> **Supplied material**:
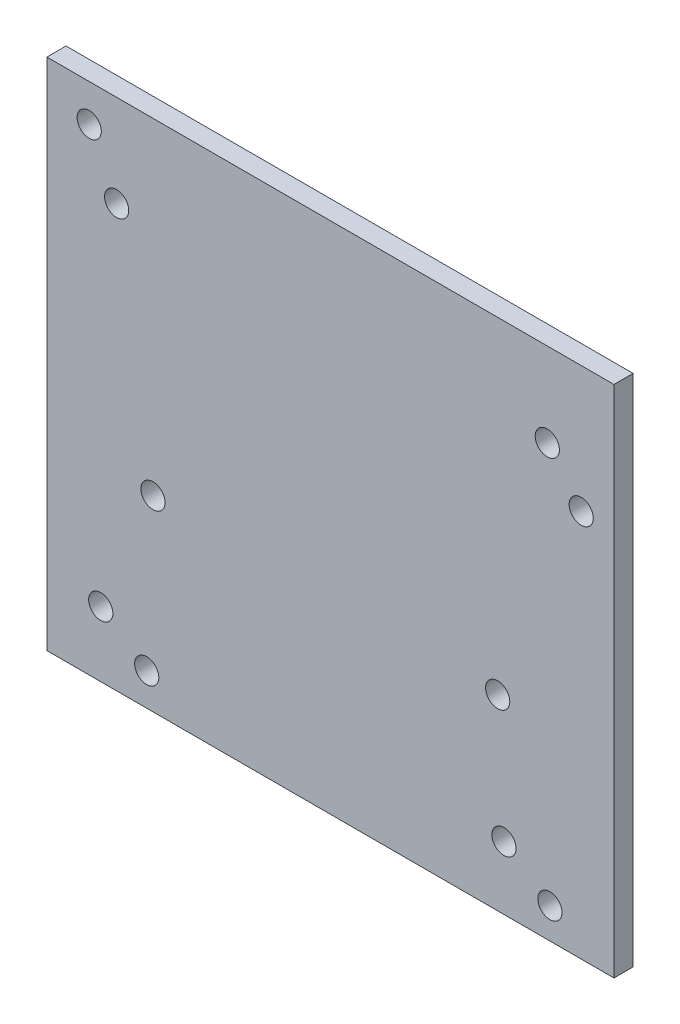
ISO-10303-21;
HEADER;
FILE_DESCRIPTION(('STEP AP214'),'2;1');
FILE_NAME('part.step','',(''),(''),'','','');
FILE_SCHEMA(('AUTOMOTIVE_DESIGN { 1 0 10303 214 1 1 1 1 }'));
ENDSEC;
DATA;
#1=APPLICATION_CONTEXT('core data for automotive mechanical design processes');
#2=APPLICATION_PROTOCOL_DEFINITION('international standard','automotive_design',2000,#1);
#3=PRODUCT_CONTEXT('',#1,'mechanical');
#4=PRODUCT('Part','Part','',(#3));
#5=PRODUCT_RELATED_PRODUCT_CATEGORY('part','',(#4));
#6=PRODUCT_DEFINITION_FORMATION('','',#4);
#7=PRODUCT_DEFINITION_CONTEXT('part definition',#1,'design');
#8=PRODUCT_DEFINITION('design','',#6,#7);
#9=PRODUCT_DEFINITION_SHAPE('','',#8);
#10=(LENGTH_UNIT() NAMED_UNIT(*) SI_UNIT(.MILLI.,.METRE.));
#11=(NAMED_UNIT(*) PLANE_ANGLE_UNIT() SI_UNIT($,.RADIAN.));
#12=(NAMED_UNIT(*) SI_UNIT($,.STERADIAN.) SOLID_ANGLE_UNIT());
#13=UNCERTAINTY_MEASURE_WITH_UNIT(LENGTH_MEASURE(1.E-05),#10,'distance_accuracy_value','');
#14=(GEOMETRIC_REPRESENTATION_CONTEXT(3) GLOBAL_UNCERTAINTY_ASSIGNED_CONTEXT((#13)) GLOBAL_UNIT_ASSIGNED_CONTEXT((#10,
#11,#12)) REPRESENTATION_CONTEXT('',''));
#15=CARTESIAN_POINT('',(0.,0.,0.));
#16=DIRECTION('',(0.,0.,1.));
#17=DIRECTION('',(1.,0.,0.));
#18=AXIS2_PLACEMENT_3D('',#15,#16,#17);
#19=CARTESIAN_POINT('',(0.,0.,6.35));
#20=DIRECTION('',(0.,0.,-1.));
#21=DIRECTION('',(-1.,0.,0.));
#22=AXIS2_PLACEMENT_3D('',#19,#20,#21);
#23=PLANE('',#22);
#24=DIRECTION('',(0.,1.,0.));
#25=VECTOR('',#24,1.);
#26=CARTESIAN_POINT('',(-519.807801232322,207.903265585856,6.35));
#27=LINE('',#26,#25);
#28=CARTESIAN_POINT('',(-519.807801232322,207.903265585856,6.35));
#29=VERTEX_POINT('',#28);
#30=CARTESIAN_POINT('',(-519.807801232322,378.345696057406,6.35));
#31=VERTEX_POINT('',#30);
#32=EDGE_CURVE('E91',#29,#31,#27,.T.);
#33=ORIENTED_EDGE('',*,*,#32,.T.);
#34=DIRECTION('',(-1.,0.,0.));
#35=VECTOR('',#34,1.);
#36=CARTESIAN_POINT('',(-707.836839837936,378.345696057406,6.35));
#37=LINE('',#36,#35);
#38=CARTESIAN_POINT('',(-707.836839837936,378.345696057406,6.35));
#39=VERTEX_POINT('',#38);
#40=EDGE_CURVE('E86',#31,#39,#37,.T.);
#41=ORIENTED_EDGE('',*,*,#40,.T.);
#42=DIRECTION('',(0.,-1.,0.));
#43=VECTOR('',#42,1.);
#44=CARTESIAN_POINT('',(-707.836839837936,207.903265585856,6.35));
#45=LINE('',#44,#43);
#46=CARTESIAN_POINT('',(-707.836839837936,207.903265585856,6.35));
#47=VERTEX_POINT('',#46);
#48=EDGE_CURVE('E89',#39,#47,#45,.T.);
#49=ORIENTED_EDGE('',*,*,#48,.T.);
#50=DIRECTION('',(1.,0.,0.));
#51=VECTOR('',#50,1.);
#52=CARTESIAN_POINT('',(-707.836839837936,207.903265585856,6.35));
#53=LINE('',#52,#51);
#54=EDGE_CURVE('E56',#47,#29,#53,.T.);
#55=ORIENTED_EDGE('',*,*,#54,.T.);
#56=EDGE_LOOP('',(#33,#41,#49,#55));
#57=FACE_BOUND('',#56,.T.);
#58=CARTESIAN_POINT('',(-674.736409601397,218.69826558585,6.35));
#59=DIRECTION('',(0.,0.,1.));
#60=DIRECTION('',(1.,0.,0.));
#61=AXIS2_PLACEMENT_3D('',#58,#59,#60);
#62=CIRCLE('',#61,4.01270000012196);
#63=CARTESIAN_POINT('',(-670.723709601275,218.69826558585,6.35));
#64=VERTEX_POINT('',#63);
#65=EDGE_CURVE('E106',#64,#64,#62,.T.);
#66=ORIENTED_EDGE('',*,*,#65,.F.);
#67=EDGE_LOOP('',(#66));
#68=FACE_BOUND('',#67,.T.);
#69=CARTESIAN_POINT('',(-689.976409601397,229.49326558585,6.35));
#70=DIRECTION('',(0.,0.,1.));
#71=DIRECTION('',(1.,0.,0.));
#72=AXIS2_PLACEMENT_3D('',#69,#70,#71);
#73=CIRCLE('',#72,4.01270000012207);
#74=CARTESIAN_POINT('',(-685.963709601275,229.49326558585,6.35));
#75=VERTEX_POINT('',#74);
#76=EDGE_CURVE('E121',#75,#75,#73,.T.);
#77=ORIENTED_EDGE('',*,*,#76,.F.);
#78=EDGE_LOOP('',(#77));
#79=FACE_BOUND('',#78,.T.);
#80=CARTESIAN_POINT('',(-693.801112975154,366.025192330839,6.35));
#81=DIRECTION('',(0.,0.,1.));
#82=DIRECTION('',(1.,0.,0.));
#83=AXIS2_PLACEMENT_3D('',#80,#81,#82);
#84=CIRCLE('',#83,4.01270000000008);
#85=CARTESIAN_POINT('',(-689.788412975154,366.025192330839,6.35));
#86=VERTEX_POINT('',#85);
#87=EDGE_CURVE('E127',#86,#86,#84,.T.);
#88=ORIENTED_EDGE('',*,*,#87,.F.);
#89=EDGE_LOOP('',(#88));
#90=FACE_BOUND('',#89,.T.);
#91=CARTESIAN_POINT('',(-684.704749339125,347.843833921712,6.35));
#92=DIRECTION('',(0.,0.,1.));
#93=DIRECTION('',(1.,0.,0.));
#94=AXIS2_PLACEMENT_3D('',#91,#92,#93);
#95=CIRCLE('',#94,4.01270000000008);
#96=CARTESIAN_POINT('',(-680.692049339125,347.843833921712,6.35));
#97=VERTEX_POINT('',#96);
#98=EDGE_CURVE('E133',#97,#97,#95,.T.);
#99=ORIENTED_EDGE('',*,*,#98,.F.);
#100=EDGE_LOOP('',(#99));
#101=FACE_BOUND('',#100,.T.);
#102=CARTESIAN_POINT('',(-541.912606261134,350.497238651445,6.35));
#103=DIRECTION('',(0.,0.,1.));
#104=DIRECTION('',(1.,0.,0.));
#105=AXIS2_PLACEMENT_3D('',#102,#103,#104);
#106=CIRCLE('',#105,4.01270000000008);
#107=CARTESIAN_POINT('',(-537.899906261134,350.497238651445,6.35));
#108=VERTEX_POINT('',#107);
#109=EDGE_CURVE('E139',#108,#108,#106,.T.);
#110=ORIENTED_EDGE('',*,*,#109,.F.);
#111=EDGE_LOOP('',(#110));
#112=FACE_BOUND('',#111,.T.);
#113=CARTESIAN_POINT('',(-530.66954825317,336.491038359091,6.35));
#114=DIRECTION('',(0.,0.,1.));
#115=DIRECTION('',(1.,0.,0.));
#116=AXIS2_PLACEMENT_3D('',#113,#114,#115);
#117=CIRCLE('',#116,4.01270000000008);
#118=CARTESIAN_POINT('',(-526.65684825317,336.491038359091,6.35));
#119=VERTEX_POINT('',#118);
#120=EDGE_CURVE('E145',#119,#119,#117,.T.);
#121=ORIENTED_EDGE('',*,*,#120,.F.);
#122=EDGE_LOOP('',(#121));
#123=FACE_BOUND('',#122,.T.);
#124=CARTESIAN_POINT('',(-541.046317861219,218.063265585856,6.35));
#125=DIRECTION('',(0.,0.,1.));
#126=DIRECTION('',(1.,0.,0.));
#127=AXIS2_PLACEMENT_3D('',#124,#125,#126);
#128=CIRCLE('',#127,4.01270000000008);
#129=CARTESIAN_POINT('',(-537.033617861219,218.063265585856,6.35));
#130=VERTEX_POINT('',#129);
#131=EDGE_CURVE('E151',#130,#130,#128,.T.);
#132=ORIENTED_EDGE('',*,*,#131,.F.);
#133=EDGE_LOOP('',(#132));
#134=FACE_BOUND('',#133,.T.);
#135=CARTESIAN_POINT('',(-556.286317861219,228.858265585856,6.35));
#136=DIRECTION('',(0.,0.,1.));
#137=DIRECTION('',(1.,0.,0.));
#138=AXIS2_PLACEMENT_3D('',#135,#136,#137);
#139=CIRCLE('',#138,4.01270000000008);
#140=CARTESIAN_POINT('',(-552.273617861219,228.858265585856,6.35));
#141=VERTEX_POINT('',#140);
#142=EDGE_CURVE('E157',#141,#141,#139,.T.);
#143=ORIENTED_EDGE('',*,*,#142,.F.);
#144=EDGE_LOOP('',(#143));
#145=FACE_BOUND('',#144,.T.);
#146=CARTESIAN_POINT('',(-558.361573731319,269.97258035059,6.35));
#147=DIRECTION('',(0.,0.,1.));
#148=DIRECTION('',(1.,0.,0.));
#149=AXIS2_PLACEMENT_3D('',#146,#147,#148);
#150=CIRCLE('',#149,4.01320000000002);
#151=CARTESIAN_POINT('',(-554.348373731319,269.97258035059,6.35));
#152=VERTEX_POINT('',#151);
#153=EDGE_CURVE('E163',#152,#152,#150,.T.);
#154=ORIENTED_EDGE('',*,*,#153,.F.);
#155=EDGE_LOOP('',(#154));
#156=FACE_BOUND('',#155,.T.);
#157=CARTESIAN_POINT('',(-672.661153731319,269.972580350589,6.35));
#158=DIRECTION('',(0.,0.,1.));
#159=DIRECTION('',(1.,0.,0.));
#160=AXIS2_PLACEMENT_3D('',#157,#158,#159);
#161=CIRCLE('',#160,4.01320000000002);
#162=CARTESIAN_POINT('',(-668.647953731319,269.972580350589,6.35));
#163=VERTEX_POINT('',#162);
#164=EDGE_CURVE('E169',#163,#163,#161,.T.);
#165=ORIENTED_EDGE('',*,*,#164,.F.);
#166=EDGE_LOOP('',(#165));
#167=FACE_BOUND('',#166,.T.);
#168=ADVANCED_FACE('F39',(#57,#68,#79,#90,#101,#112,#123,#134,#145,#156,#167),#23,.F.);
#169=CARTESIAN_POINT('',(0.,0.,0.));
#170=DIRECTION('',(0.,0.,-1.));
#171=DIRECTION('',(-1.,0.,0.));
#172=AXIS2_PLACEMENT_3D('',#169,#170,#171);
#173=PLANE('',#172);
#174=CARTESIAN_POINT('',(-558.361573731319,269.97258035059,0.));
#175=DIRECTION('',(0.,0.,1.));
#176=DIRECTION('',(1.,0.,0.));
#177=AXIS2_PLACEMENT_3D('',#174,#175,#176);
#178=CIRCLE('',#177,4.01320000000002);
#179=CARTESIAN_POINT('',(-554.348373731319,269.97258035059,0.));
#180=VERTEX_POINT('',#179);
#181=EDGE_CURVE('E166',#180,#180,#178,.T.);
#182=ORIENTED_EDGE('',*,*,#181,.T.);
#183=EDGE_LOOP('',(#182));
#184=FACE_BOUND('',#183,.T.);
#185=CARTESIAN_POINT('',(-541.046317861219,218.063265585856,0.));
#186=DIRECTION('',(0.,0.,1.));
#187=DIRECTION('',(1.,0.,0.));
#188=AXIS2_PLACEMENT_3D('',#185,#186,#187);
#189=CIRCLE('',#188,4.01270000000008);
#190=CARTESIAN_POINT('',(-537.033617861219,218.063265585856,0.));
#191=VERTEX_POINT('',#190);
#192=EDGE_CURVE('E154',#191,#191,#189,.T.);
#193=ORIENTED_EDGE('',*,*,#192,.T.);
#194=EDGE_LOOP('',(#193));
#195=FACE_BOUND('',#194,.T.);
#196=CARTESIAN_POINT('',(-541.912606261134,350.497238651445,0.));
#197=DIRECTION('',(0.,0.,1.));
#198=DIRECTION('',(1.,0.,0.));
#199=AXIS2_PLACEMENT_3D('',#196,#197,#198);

> **Work instruction**:
Only the lines above from the line containing "#22=AXIS2_PLACEMENT_3D('',#19,#20,#21);" through the line containing "#31=VERTEX_POINT('',#30);" should be retyped, exactly and with both ends included.

> **Solution to this exercise**:
#22=AXIS2_PLACEMENT_3D('',#19,#20,#21);
#23=PLANE('',#22);
#24=DIRECTION('',(0.,1.,0.));
#25=VECTOR('',#24,1.);
#26=CARTESIAN_POINT('',(-519.807801232322,207.903265585856,6.35));
#27=LINE('',#26,#25);
#28=CARTESIAN_POINT('',(-519.807801232322,207.903265585856,6.35));
#29=VERTEX_POINT('',#28);
#30=CARTESIAN_POINT('',(-519.807801232322,378.345696057406,6.35));
#31=VERTEX_POINT('',#30);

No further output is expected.